What you need to do: Leave the pictures out. Transcribe exactly every line from the start of the records through the one containing "layer by layer".

Extracted records
-=-=-=-=-

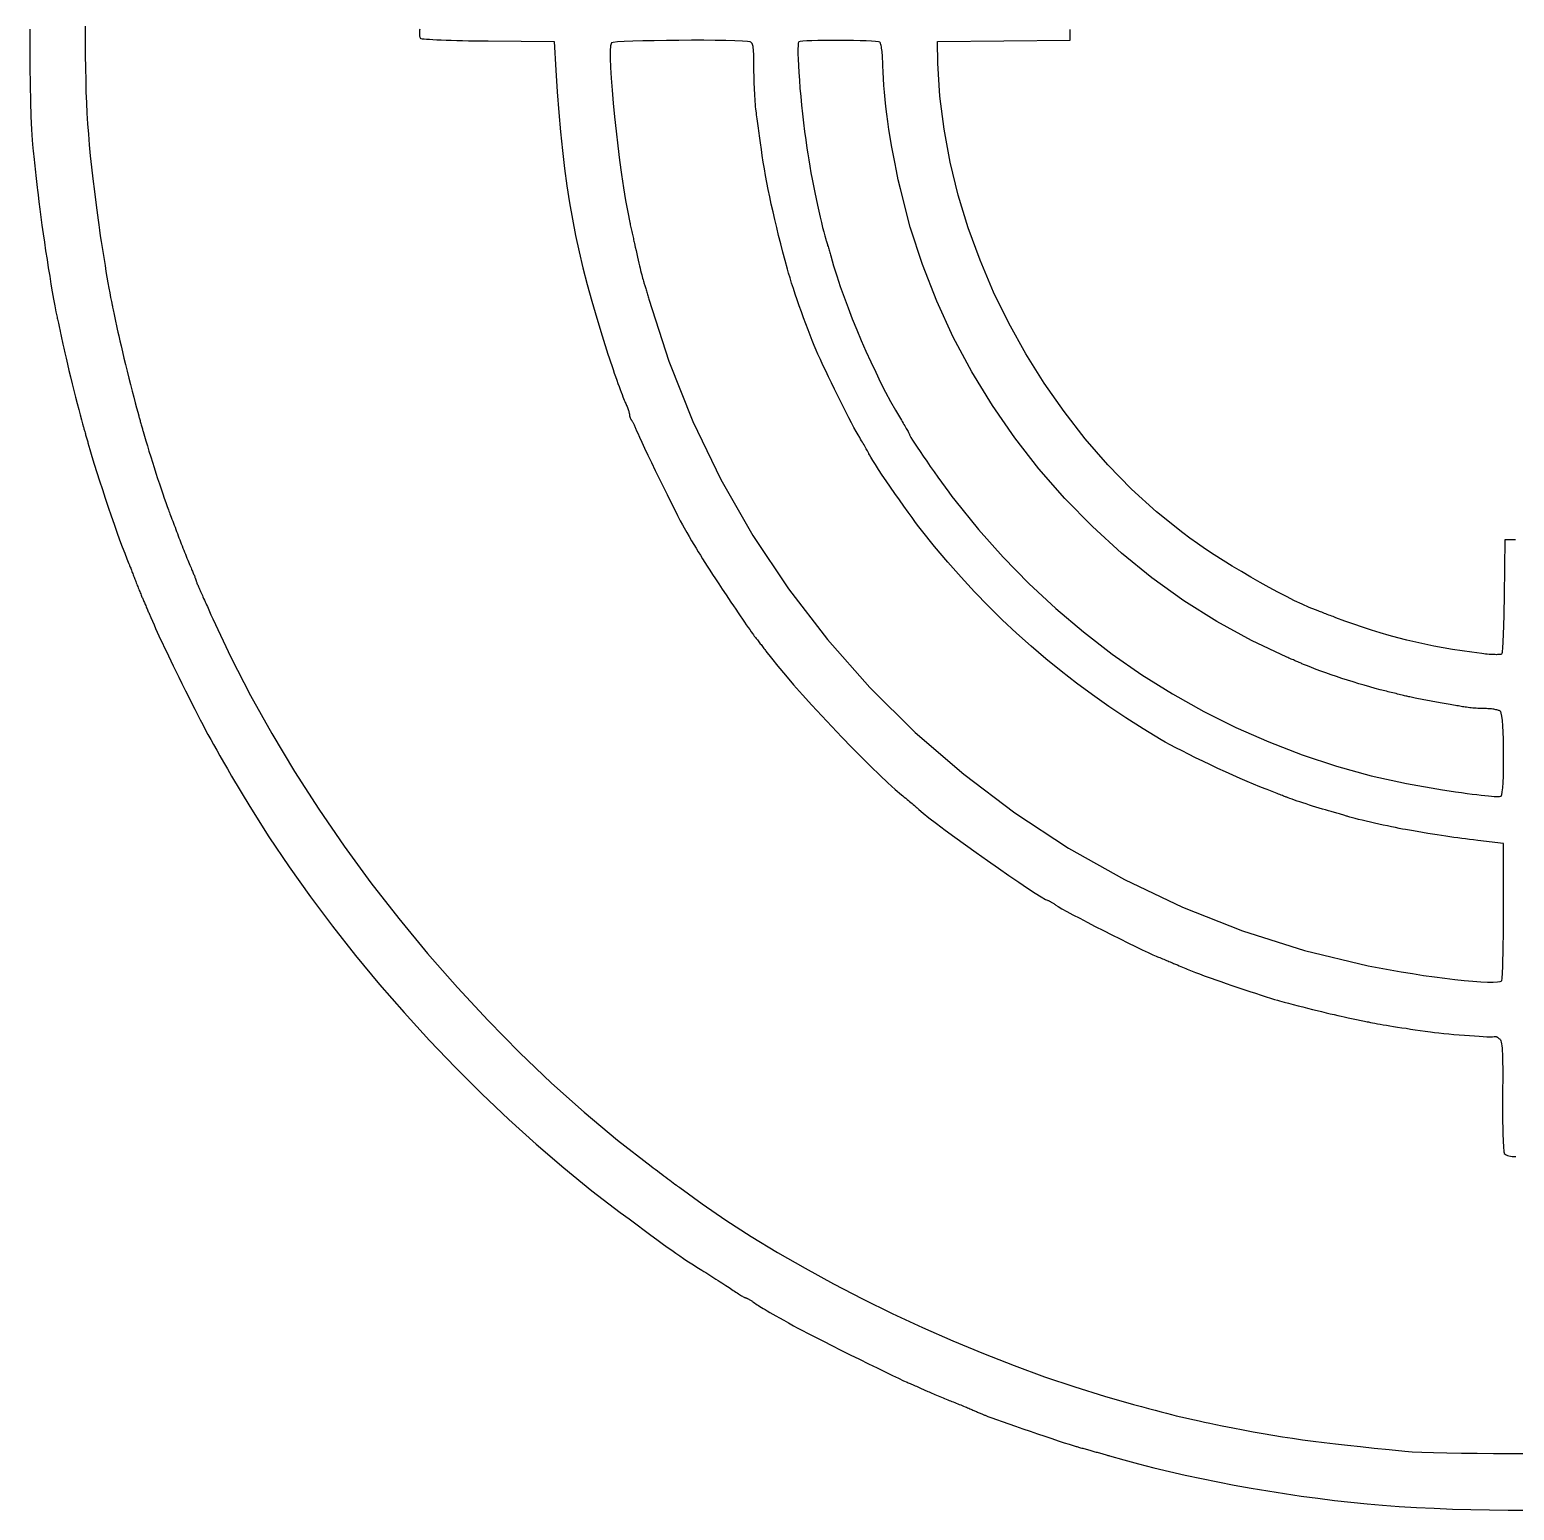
# Model space of a CAD drawing. Header units: millimetres. Extents: x 43 to 150, y 47 to 153.
# Drawn here: x 43.4 to 96.7, y 46.8 to 99.9 of the extents above; entities that cross this region are included whole.
import ezdxf

# ---------------------------------------------------------------- set-up
doc = ezdxf.new("R2010")
doc.units = ezdxf.units.MM
doc.layers.get('0').update_dxf_attribs({"linetype": 'CONTINUOUS'})

msp = doc.modelspace()

# ---------------------------------------------------------------- linework, layer by layer
for points in [[(43.432, 99.887), (43.434, 99.202), (43.439, 98.533), (43.448, 97.893), (43.46, 97.296), (43.475, 96.756), (43.493, 96.288), (43.515, 95.904), (43.541, 95.618), (43.552, 95.523), (43.563, 95.421), (43.576, 95.316), (43.588, 95.207), (43.601, 95.096), (43.614, 94.982), (43.627, 94.868), (43.64, 94.754), (43.653, 94.641), (43.666, 94.529), (43.679, 94.42), (43.691, 94.315), (43.702, 94.213), (43.713, 94.117), (43.724, 94.027), (43.733, 93.943), (43.762, 93.694), (43.796, 93.427), (43.832, 93.146), (43.872, 92.853), (43.915, 92.552), (43.959, 92.245), (44.005, 91.936), (44.053, 91.628), (44.1, 91.324), (44.149, 91.027), (44.196, 90.739), (44.244, 90.465), (44.289, 90.207), (44.334, 89.969), (44.375, 89.753), (44.415, 89.562), (44.423, 89.524), (44.432, 89.482), (44.441, 89.437), (44.451, 89.388), (44.462, 89.336), (44.474, 89.282), (44.486, 89.225), (44.498, 89.168), (44.51, 89.109), (44.522, 89.049), (44.535, 88.989), (44.547, 88.93), (44.56, 88.871), (44.572, 88.813), (44.583, 88.757), (44.595, 88.703), (44.618, 88.592), (44.651, 88.45), (44.691, 88.279), (44.736, 88.086), (44.787, 87.874), (44.842, 87.647), (44.9, 87.412), (44.96, 87.171), (45.02, 86.93), (45.08, 86.693), (45.138, 86.464), (45.193, 86.249), (45.244, 86.051), (45.29, 85.876), (45.33, 85.727), (45.363, 85.61), (45.371, 85.582), (45.38, 85.552), (45.389, 85.52), (45.398, 85.486), (45.408, 85.451), (45.419, 85.414), (45.429, 85.377), (45.44, 85.34), (45.451, 85.301), (45.461, 85.263), (45.472, 85.226), (45.482, 85.189), (45.493, 85.152), (45.502, 85.117), (45.512, 85.083), (45.521, 85.051), (45.588, 84.816), (45.664, 84.558), (45.749, 84.28), (45.841, 83.988), (45.937, 83.684), (46.039, 83.373), (46.142, 83.059), (46.248, 82.745), (46.354, 82.435), (46.458, 82.134), (46.561, 81.844), (46.659, 81.571), (46.753, 81.317), (46.84, 81.087), (46.919, 80.884), (46.99, 80.713), (46.998, 80.693), (47.008, 80.671), (47.018, 80.645), (47.03, 80.616), (47.042, 80.584), (47.055, 80.551), (47.069, 80.515), (47.084, 80.478), (47.099, 80.439), (47.114, 80.4), (47.13, 80.359), (47.145, 80.318), (47.161, 80.277), (47.177, 80.236), (47.192, 80.195), (47.207, 80.155), (47.222, 80.114), (47.238, 80.071), (47.255, 80.027), (47.272, 79.982), (47.29, 79.937), (47.308, 79.891), (47.326, 79.845), (47.344, 79.799), (47.362, 79.755), (47.38, 79.711), (47.397, 79.668), (47.414, 79.628), (47.43, 79.589), (47.445, 79.553), (47.46, 79.519), (47.473, 79.489), (47.486, 79.459), (47.5, 79.427), (47.514, 79.393), (47.529, 79.358), (47.545, 79.322), (47.561, 79.285), (47.578, 79.247), (47.594, 79.21), (47.61, 79.172), (47.627, 79.134), (47.643, 79.097), (47.658, 79.061), (47.673, 79.026), (47.688, 78.992), (47.701, 78.96), (47.714, 78.93), (47.775, 78.789), (47.834, 78.653), (47.893, 78.52), (47.95, 78.39), (48.009, 78.26), (48.068, 78.129), (48.13, 77.996), (48.194, 77.858), (48.262, 77.715), (48.334, 77.564), (48.41, 77.404), (48.493, 77.234), (48.581, 77.052), (48.677, 76.856), (48.781, 76.645), (48.893, 76.417), (49.021, 76.159), (49.139, 75.921), (49.249, 75.701), (49.352, 75.497), (49.451, 75.304), (49.546, 75.119), (49.639, 74.941), (49.733, 74.765), (49.828, 74.588), (49.926, 74.409), (50.03, 74.223), (50.14, 74.027), (50.258, 73.819), (50.385, 73.595), (50.524, 73.352), (50.677, 73.088), (51.325, 72.002), (52.013, 70.919), (52.74, 69.84), (53.503, 68.769), (54.299, 67.708), (55.126, 66.659), (55.983, 65.626), (56.866, 64.611), (57.774, 63.616), (58.704, 62.645), (59.653, 61.699), (60.62, 60.781), (61.602, 59.895), (62.597, 59.041), (63.602, 58.224), (64.616, 57.445), (64.932, 57.21), (65.219, 56.996), (65.48, 56.803), (65.717, 56.628), (65.931, 56.47), (66.126, 56.328), (66.303, 56.2), (66.465, 56.085), (66.615, 55.98), (66.753, 55.884), (66.883, 55.796), (67.006, 55.713), (67.126, 55.635), (67.244, 55.56), (67.362, 55.486), (67.483, 55.412), (67.547, 55.373), (67.614, 55.331), (67.683, 55.288), (67.755, 55.243), (67.828, 55.197), (67.902, 55.15), (67.977, 55.103), (68.051, 55.055), (68.125, 55.008), (68.197, 54.961), (68.268, 54.915), (68.336, 54.871), (68.401, 54.828), (68.463, 54.787), (68.521, 54.749), (68.574, 54.713), (68.624, 54.679), (68.673, 54.646), (68.721, 54.615), (68.768, 54.584), (68.813, 54.555), (68.856, 54.528), (68.897, 54.502), (68.935, 54.479), (68.971, 54.457), (69.004, 54.438), (69.033, 54.422), (69.058, 54.407), (69.08, 54.396), (69.097, 54.388), (69.11, 54.383), (69.119, 54.381), (69.126, 54.38), (69.135, 54.378), (69.146, 54.374), (69.158, 54.369), (69.173, 54.362), (69.189, 54.354), (69.206, 54.344), (69.225, 54.334), (69.245, 54.322), (69.266, 54.31), (69.287, 54.296), (69.31, 54.282), (69.333, 54.268), (69.356, 54.252), (69.379, 54.236), (69.403, 54.22), (69.444, 54.19), (69.486, 54.162), (69.529, 54.133), (69.575, 54.103), (69.625, 54.071), (69.68, 54.037), (69.743, 54), (69.813, 53.958), (69.893, 53.911), (69.984, 53.859), (70.087, 53.8), (70.204, 53.733), (70.336, 53.659), (70.483, 53.575), (70.649, 53.482), (70.833, 53.378), (70.96, 53.309), (71.138, 53.216), (71.36, 53.101), (71.617, 52.97), (71.905, 52.824), (72.214, 52.669), (72.537, 52.507), (72.869, 52.342), (73.2, 52.178), (73.524, 52.018), (73.834, 51.866), (74.122, 51.725), (74.382, 51.6), (74.605, 51.494), (74.785, 51.409), (74.914, 51.351), (74.947, 51.337), (74.983, 51.321), (75.021, 51.305), (75.062, 51.287), (75.105, 51.268), (75.149, 51.248), (75.195, 51.228), (75.242, 51.207), (75.29, 51.186), (75.337, 51.165), (75.385, 51.144), (75.432, 51.123), (75.478, 51.103), (75.523, 51.082), (75.567, 51.063), (75.608, 51.044), (75.651, 51.025), (75.697, 51.005), (75.746, 50.984), (75.798, 50.961), (75.852, 50.938), (75.908, 50.915), (75.965, 50.89), (76.023, 50.866), (76.082, 50.842), (76.14, 50.817), (76.198, 50.793), (76.256, 50.77), (76.312, 50.747), (76.366, 50.725), (76.418, 50.704), (76.468, 50.685), (76.516, 50.666), (76.567, 50.645), (76.619, 50.625), (76.672, 50.604), (76.725, 50.582), (76.779, 50.56), (76.832, 50.539), (76.885, 50.517), (76.936, 50.496), (76.986, 50.475), (77.034, 50.455), (77.08, 50.436), (77.124, 50.418), (77.164, 50.401), (77.201, 50.385), (77.234, 50.371), (77.265, 50.357), (77.298, 50.343), (77.331, 50.329), (77.364, 50.315), (77.398, 50.3), (77.431, 50.286), (77.464, 50.272), (77.497, 50.258), (77.528, 50.244), (77.559, 50.231), (77.588, 50.219), (77.616, 50.207), (77.642, 50.196), (77.666, 50.186), (77.687, 50.177), (77.706, 50.169), (77.805, 50.13), (77.945, 50.078), (78.121, 50.014), (78.325, 49.941), (78.554, 49.86), (78.8, 49.774), (79.058, 49.684), (79.323, 49.593), (79.588, 49.503), (79.848, 49.415), (80.097, 49.331), (80.328, 49.254), (80.538, 49.186), (80.718, 49.127), (80.865, 49.082), (80.971, 49.05), (80.999, 49.043), (81.03, 49.034), (81.063, 49.025), (81.098, 49.015), (81.135, 49.005), (81.174, 48.994), (81.213, 48.983), (81.254, 48.972), (81.295, 48.96), (81.336, 48.949), (81.378, 48.937), (81.418, 48.926), (81.459, 48.915), (81.498, 48.904), (81.536, 48.893), (81.572, 48.883), (81.609, 48.873), (81.647, 48.862), (81.686, 48.851), (81.726, 48.84), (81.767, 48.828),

-=-=-=-=-

Result for this exercise:
# Model space of a CAD drawing. Header units: millimetres. Extents: x 43 to 150, y 47 to 153.
# Drawn here: x 43.4 to 96.7, y 46.8 to 99.9 of the extents above; entities that cross this region are included whole.
import ezdxf

# ---------------------------------------------------------------- set-up
doc = ezdxf.new("R2010")
doc.units = ezdxf.units.MM
doc.layers.get('0').update_dxf_attribs({"linetype": 'CONTINUOUS'})

msp = doc.modelspace()

# ---------------------------------------------------------------- linework, layer by layer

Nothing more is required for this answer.